§ **PROBLEM TO SOLVE**
The records below are to be transcribed exactly from their first line to the line that has "doc.styles.add('Arial-Bold', font='times.ttf')", inclusive, with every picture omitted.
(DATA)
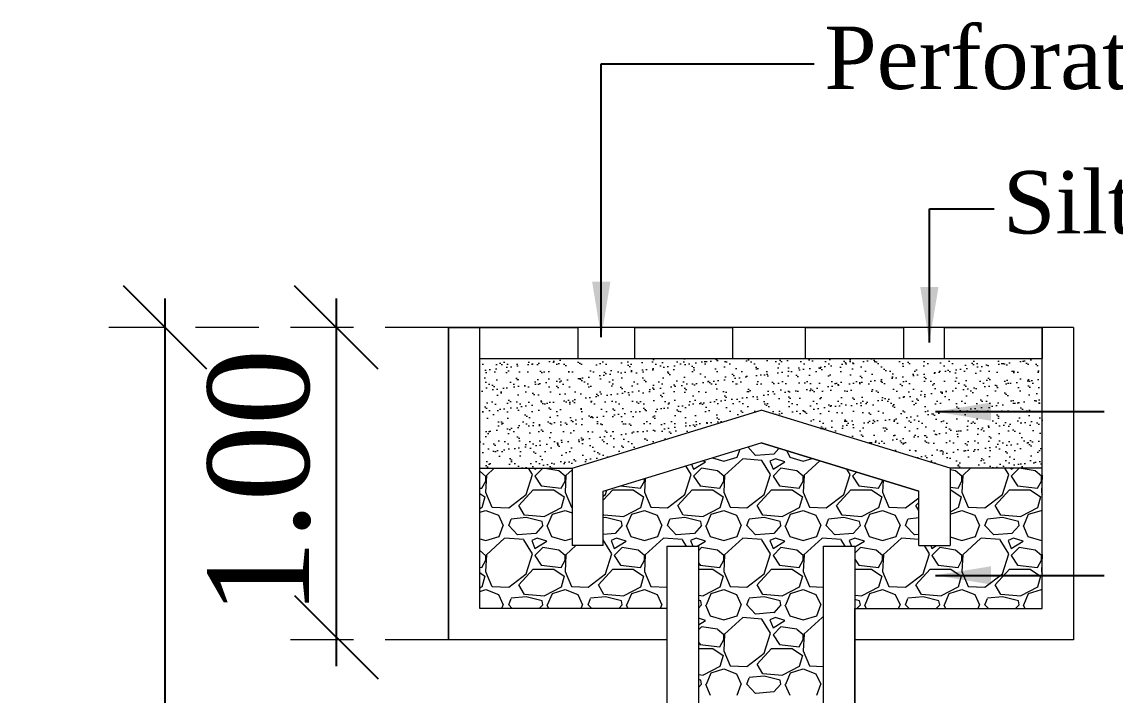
# Model space of a CAD drawing. Header units: metres. Extents: x -296 to -169, y -1394 to -1313.
# Drawn here: x -281.126 to -276.804, y -1385.208 to -1382.544 of the extents above; entities that cross this region are included whole.
import ezdxf

# ---------------------------------------------------------------- set-up
doc = ezdxf.new("R2010")
doc.units = ezdxf.units.M
doc.header["$MEASUREMENT"] = 0
doc.header["$PDMODE"] = 2
doc.linetypes.add('HIDDEN', pattern=[0.375, 0.25, -0.125])
doc.styles.add('Arial', font='times.ttf', dxfattribs={"height": 9})
doc.styles.add('Arial-Bold', font='times.ttf')
doc.dimstyles.new('Dimension_Inner', dxfattribs={"dimtxt": 0.23, "dimasz": 0.17, "dimexe": 0.18, "dimexo": 0.0625, "dimgap": 0.1, "dimtad": 1, "dimzin": 0, "dimdsep": 46, "dimtxsty": 'Standard', "dimblk": 'ARCHTICK', "dimcen": 0.09, "dimdle": 0.115, "dimse1": 1, "dimse2": 1, "dimclrd": 8, "dimclre": 3, "dimclrt": 9, "dimadec": 0, "dimazin": 0, "dimtfac": 1, "dimtix": 1, "dimtofl": 0, "dimtmove": 1, "dimatfit": 0, "dimfxl": 0, "dimtolj": 1, "dimtzin": 0, "dimarcsym": 0})
doc.dimstyles.new('INNER', dxfattribs={"dimtxt": 0.21, "dimasz": 0.13, "dimexe": 0.18, "dimexo": 0.0625, "dimgap": 0.1, "dimtad": 1, "dimzin": 0, "dimdsep": 46, "dimtxsty": 'Standard', "dimblk": 'ARCHTICK', "dimcen": 0.09, "dimdle": 0.115, "dimse1": 1, "dimse2": 1, "dimclrd": 8, "dimclre": 3, "dimclrt": 1, "dimadec": 0, "dimazin": 0, "dimtfac": 1, "dimtix": 1, "dimtofl": 0, "dimtmove": 1, "dimatfit": 0, "dimfxl": 0, "dimtolj": 1, "dimtzin": 0, "dimarcsym": 0})

# ---------------------------------------------------------------- blocks, each defined once
blk = doc.blocks.new('_ArchTick')
at = {"color": 0, "lineweight": 0, "const_width": 0.15}
blk.add_lwpolyline([(-0.5, -0.5), (0.5, 0.5)], dxfattribs=at)
blk = doc.blocks.new('_OBLIQUE')
at = {"color": 0, "linetype": 'ByBlock'}
blk.add_line((-0.5, -0.5), (0.5, 0.5), dxfattribs=at)
blk = doc.blocks.new('*D103')
at = {"color": 7, "linetype": 'ByBlock', "lineweight": -3, "ltscale": 0.01}
blk.add_line((-279.8834, -1383.6385), (-279.8834, -1385.093), dxfattribs=at)
at = {"layer": 'Defpoints', "color": 0, "linetype": 'ByBlock', "lineweight": -3, "ltscale": 0.01}
for p in [(-279.4398, -1383.7535), (-279.8834, -1384.978), (-279.4398, -1384.978)]:
    blk.add_point(p, dxfattribs=at)
at = {"color": 7, "linetype": 'ByBlock', "lineweight": -3, "ltscale": 0.01, "xscale": 0.33, "yscale": 0.33, "zscale": 0.33}
for p, rotation in [((-279.8834, -1383.7535), 90), ((-279.8834, -1384.978), 270)]:
    blk.add_blockref('_OBLIQUE', p, dxfattribs=dict(at, rotation=rotation))
at = {"color": 7, "linetype": 'ByBlock', "lineweight": 18, "ltscale": 0.01, "insert": (-280.1874, -1384.3658), "char_height": 0.4, "attachment_point": 5, "rotation": 90, "style": 'Arial-Bold'}
blk.add_mtext('\\A1;1.00', dxfattribs=at)
blk = doc.blocks.new('*D100')
at = {"color": 7, "linetype": 'ByBlock', "lineweight": -3, "ltscale": 0.01}
blk.add_line((-280.5598, -1390.0461), (-280.5598, -1383.6385), dxfattribs=at)
at = {"layer": 'Defpoints', "color": 0, "linetype": 'ByBlock', "lineweight": -3, "ltscale": 0.01}
for p in [(-280.5735, -1383.7535), (-280.5598, -1383.7535), (-280.5735, -1389.9311)]:
    blk.add_point(p, dxfattribs=at)
at = {"color": 7, "linetype": 'ByBlock', "lineweight": -3, "ltscale": 0.01, "xscale": 0.33, "yscale": 0.33, "zscale": 0.33}
for p, rotation in [((-280.5598, -1383.7535), 90), ((-280.5598, -1389.9311), 270)]:
    blk.add_blockref('_OBLIQUE', p, dxfattribs=dict(at, rotation=rotation))
at = {"color": 7, "linetype": 'ByBlock', "lineweight": 18, "ltscale": 0.01, "insert": (-280.8638, -1386.8423), "char_height": 0.4, "attachment_point": 5, "rotation": 90, "style": 'Arial-Bold'}
blk.add_mtext('\\A1;5.00', dxfattribs=at)

msp = doc.modelspace()

# ---------------------------------------------------------------- hatches: boundary and pattern name
at = {"lineweight": 18, "ltscale": 0.2}
h = msp.add_hatch(dxfattribs=at)
h.set_pattern_fill('AR-SAND', color=256, scale=0.001236)
h.set_pattern_definition([(37.5, (9961.34927, 129405.523046), (-0.001976870667, 0.060467984299), [0, -0.04770095616, 0, -0.0533497536, 0, -0.050996088]), (7.5, (9961.34927, 129405.52305), (0.05553950068, 0.088565174825), [0, -0.02573341056, 0, -0.04299362496, 0, -0.0164756592]), (327.5, (9961.31067, 129405.523046), (0.097728689328, 0.000177567041), [0, -0.015691104, 0, -0.0564879744, 0, -0.0737481888]), (317.5, (9961.31067, 129405.52305), (0.094338926816, 0.027543363747), [0, -0.007845552, 0, -0.03703100544, 0, -0.0423659808])])
h.paths.add_polyline_path([(-277.457, -1384.3095), (-277.0923, -1384.3095), (-277.0923, -1383.8771), (-277.4795, -1383.8771), (-279.3162, -1383.8771), (-279.3162, -1384.3095), (-278.9515, -1384.3095), (-278.2043, -1384.0804)])

# ---------------------------------------------------------------- linework, layer by layer
at = {"linetype": 'HIDDEN', "lineweight": 18}
for p, q in [((-279.4398, -1383.7535), (-280.7826, -1383.7535)), ((-279.4398, -1384.9891), (-280.1162, -1384.9891))]:
    msp.add_line(p, q, dxfattribs=at)
at = {"lineweight": 18, "ltscale": 0.2}
for p, q in [((-276.9687, -1383.7535), (-279.4398, -1383.7535)), ((-279.4398, -1383.7535), (-279.4398, -1384.9891)), ((-276.9687, -1383.7535), (-276.9687, -1384.9891)), ((-277.0923, -1383.8771), (-279.3162, -1383.8771)), ((-278.8279, -1384.4009), (-278.2043, -1384.2096)), ((-278.298, -1384.2662), (-278.2868, -1384.2349)), ((-278.2258, -1384.26), (-278.2571, -1384.2258)), ((-278.2043, -1384.2096), (-277.5806, -1384.4009)), ((-277.5806, -1384.4009), (-278.2043, -1384.2096)), ((-278.1335, -1384.2313), (-278.1536, -1384.2537)), ((-278.1017, -1384.241), (-278.0909, -1384.2662)), ((-278.4706, -1384.3133), (-278.4236, -1384.2851)), ((-278.4235, -1384.2851), (-278.4364, -1384.2808)), ((-278.3967, -1384.2686), (-278.3514, -1384.2819)), ((-278.3514, -1384.2819), (-278.298, -1384.2663)), ((-278.2763, -1384.2722), (-278.3485, -1384.3381)), ((-278.2007, -1384.2787), (-278.276, -1384.2724)), ((-278.1531, -1384.2537), (-278.2252, -1384.2599)), ((-278.1662, -1384.3352), (-278.2007, -1384.2788)), ((-278.1474, -1384.2725), (-278.1694, -1384.282)), ((-278.1693, -1384.2819), (-278.1568, -1384.3133)), ((-278.1568, -1384.3133), (-278.1097, -1384.2851)), ((-278.1097, -1384.2851), (-278.1474, -1384.2725)), ((-278.0909, -1384.2662), (-278.0375, -1384.2819)), ((-278.0376, -1384.2819), (-278.0022, -1384.2715)), ((-277.9719, -1384.2808), (-278.0347, -1384.3381)), ((-279.2929, -1384.3416), (-279.3162, -1384.3212)), ((-279.2586, -1384.3095), (-279.29, -1384.3381)), ((-279.1328, -1384.4137), (-279.1077, -1384.3353)), ((-279.1076, -1384.3352), (-279.1233, -1384.3095)), ((-279.0998, -1384.3095), (-279.0983, -1384.3133)), ((-279.0983, -1384.3133), (-279.092, -1384.3095)), ((-279.0669, -1384.3102), (-279.0983, -1384.3416)), ((-279.0041, -1384.3196), (-279.0669, -1384.3101)), ((-278.9791, -1384.3416), (-279.0042, -1384.3196)), ((-278.9515, -1384.3156), (-278.9761, -1384.3381)), ((-278.9515, -1384.3095), (-278.9515, -1384.6161)), ((-278.5051, -1384.4137), (-278.48, -1384.3353)), ((-278.48, -1384.3352), (-278.5011, -1384.3006)), ((-278.4785, -1384.2937), (-278.4706, -1384.3133)), ((-278.4392, -1384.3102), (-278.4706, -1384.3416)), ((-278.3765, -1384.3196), (-278.4392, -1384.3101)), ((-278.3514, -1384.3416), (-278.3765, -1384.3196)), ((-278.1913, -1384.4137), (-278.1662, -1384.3353)), ((-278.1254, -1384.3102), (-278.1568, -1384.3416)), ((-278.0626, -1384.3196), (-278.1254, -1384.3101)), ((-278.0376, -1384.3416), (-278.0627, -1384.3196)), ((-277.8775, -1384.4137), (-277.8524, -1384.3353)), ((-277.8523, -1384.3352), (-277.8657, -1384.3134)), ((-277.8268, -1384.3254), (-277.843, -1384.3416)), ((-277.457, -1384.3095), (-277.457, -1384.6161)), ((-277.435, -1384.3196), (-277.457, -1384.3163)), ((-277.41, -1384.3416), (-277.4351, -1384.3196)), ((-277.3757, -1384.3095), (-277.407, -1384.3381)), ((-277.2499, -1384.4137), (-277.2248, -1384.3353)), ((-277.2247, -1384.3352), (-277.2404, -1384.3095)), ((-277.2168, -1384.3095), (-277.2153, -1384.3133)), ((-277.2153, -1384.3133), (-277.209, -1384.3095)), ((-277.184, -1384.3102), (-277.2153, -1384.3416)), ((-277.1212, -1384.3196), (-277.1839, -1384.3101)), ((-277.0961, -1384.3416), (-277.1212, -1384.3196)), ((-279.3085, -1384.3886), (-279.2928, -1384.3604)), ((-279.2897, -1384.3384), (-279.2929, -1384.4043)), ((-279.2928, -1384.3604), (-279.2928, -1384.3416)), ((-279.0983, -1384.3416), (-279.0732, -1384.3792)), ((-278.9947, -1384.3886), (-278.979, -1384.3604)), ((-278.9759, -1384.3384), (-278.979, -1384.4043)), ((-278.979, -1384.3604), (-278.979, -1384.3416)), ((-278.6809, -1384.3886), (-278.6652, -1384.3604)), ((-278.6626, -1384.3502), (-278.6652, -1384.4043)), ((-278.6652, -1384.3604), (-278.6652, -1384.351)), ((-278.4706, -1384.3416), (-278.4455, -1384.3792)), ((-278.3671, -1384.3886), (-278.3514, -1384.3604)), ((-278.3483, -1384.3384), (-278.3514, -1384.4043)), ((-278.3514, -1384.3604), (-278.3514, -1384.3416)), ((-278.1568, -1384.3416), (-278.1317, -1384.3792)), ((-278.0533, -1384.3886), (-278.0376, -1384.3604)), ((-278.0344, -1384.3384), (-278.0376, -1384.4043)), ((-278.0376, -1384.3604), (-278.0376, -1384.3416)), ((-277.843, -1384.3416), (-277.8179, -1384.3792)), ((-277.7394, -1384.3886), (-277.7237, -1384.3604)), ((-277.7237, -1384.3604), (-277.7237, -1384.357)), ((-277.7215, -1384.3576), (-277.7237, -1384.4043)), ((-277.4256, -1384.3886), (-277.4099, -1384.3604)), ((-277.4068, -1384.3384), (-277.4099, -1384.4043)), ((-277.4099, -1384.3604), (-277.4099, -1384.3416)), ((-277.2153, -1384.3416), (-277.1902, -1384.3792)), ((-277.1118, -1384.3886), (-277.0961, -1384.3604)), ((-277.093, -1384.3384), (-277.0961, -1384.4043)), ((-277.0961, -1384.3604), (-277.0961, -1384.3416)), ((-277.0923, -1384.3373), (-277.0932, -1384.3381)), ((-279.3162, -1384.3881), (-279.3086, -1384.389)), ((-279.3162, -1384.4092), (-279.296, -1384.4232)), ((-279.2929, -1384.4043), (-279.2678, -1384.464)), ((-279.2018, -1384.4671), (-279.1328, -1384.4137)), ((-279.1611, -1384.4577), (-279.1046, -1384.3949)), ((-279.1046, -1384.3949), (-279.023, -1384.3949)), ((-279.0732, -1384.3796), (-278.9947, -1384.389)), ((-279.0229, -1384.395), (-278.9821, -1384.4232)), ((-278.979, -1384.4043), (-278.9539, -1384.464)), ((-278.8279, -1384.4362), (-278.7907, -1384.3949)), ((-278.8279, -1384.6161), (-278.8279, -1384.4009)), ((-278.8279, -1384.4207), (-278.819, -1384.4137)), ((-278.819, -1384.4137), (-278.8134, -1384.3964)), ((-278.7907, -1384.3949), (-278.7091, -1384.3949)), ((-278.7588, -1384.3796), (-278.6809, -1384.389)), ((-278.7091, -1384.395), (-278.6683, -1384.4232)), ((-278.6652, -1384.4043), (-278.6401, -1384.464)), ((-278.5742, -1384.4671), (-278.5051, -1384.4137)), ((-278.5334, -1384.4577), (-278.4769, -1384.3949)), ((-278.4769, -1384.3949), (-278.3953, -1384.3949)), ((-278.4456, -1384.3796), (-278.3671, -1384.389)), ((-278.3953, -1384.395), (-278.3545, -1384.4232)), ((-278.3514, -1384.4043), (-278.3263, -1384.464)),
(End DATA)
§ **SOLUTION TO THE PROBLEM**
# Model space of a CAD drawing. Header units: metres. Extents: x -296 to -169, y -1394 to -1313.
# Drawn here: x -281.126 to -276.804, y -1385.208 to -1382.544 of the extents above; entities that cross this region are included whole.
import ezdxf

# ---------------------------------------------------------------- set-up
doc = ezdxf.new("R2010")
doc.units = ezdxf.units.M
doc.header["$MEASUREMENT"] = 0
doc.header["$PDMODE"] = 2
doc.linetypes.add('HIDDEN', pattern=[0.375, 0.25, -0.125])
doc.styles.add('Arial', font='times.ttf', dxfattribs={"height": 9})
doc.styles.add('Arial-Bold', font='times.ttf')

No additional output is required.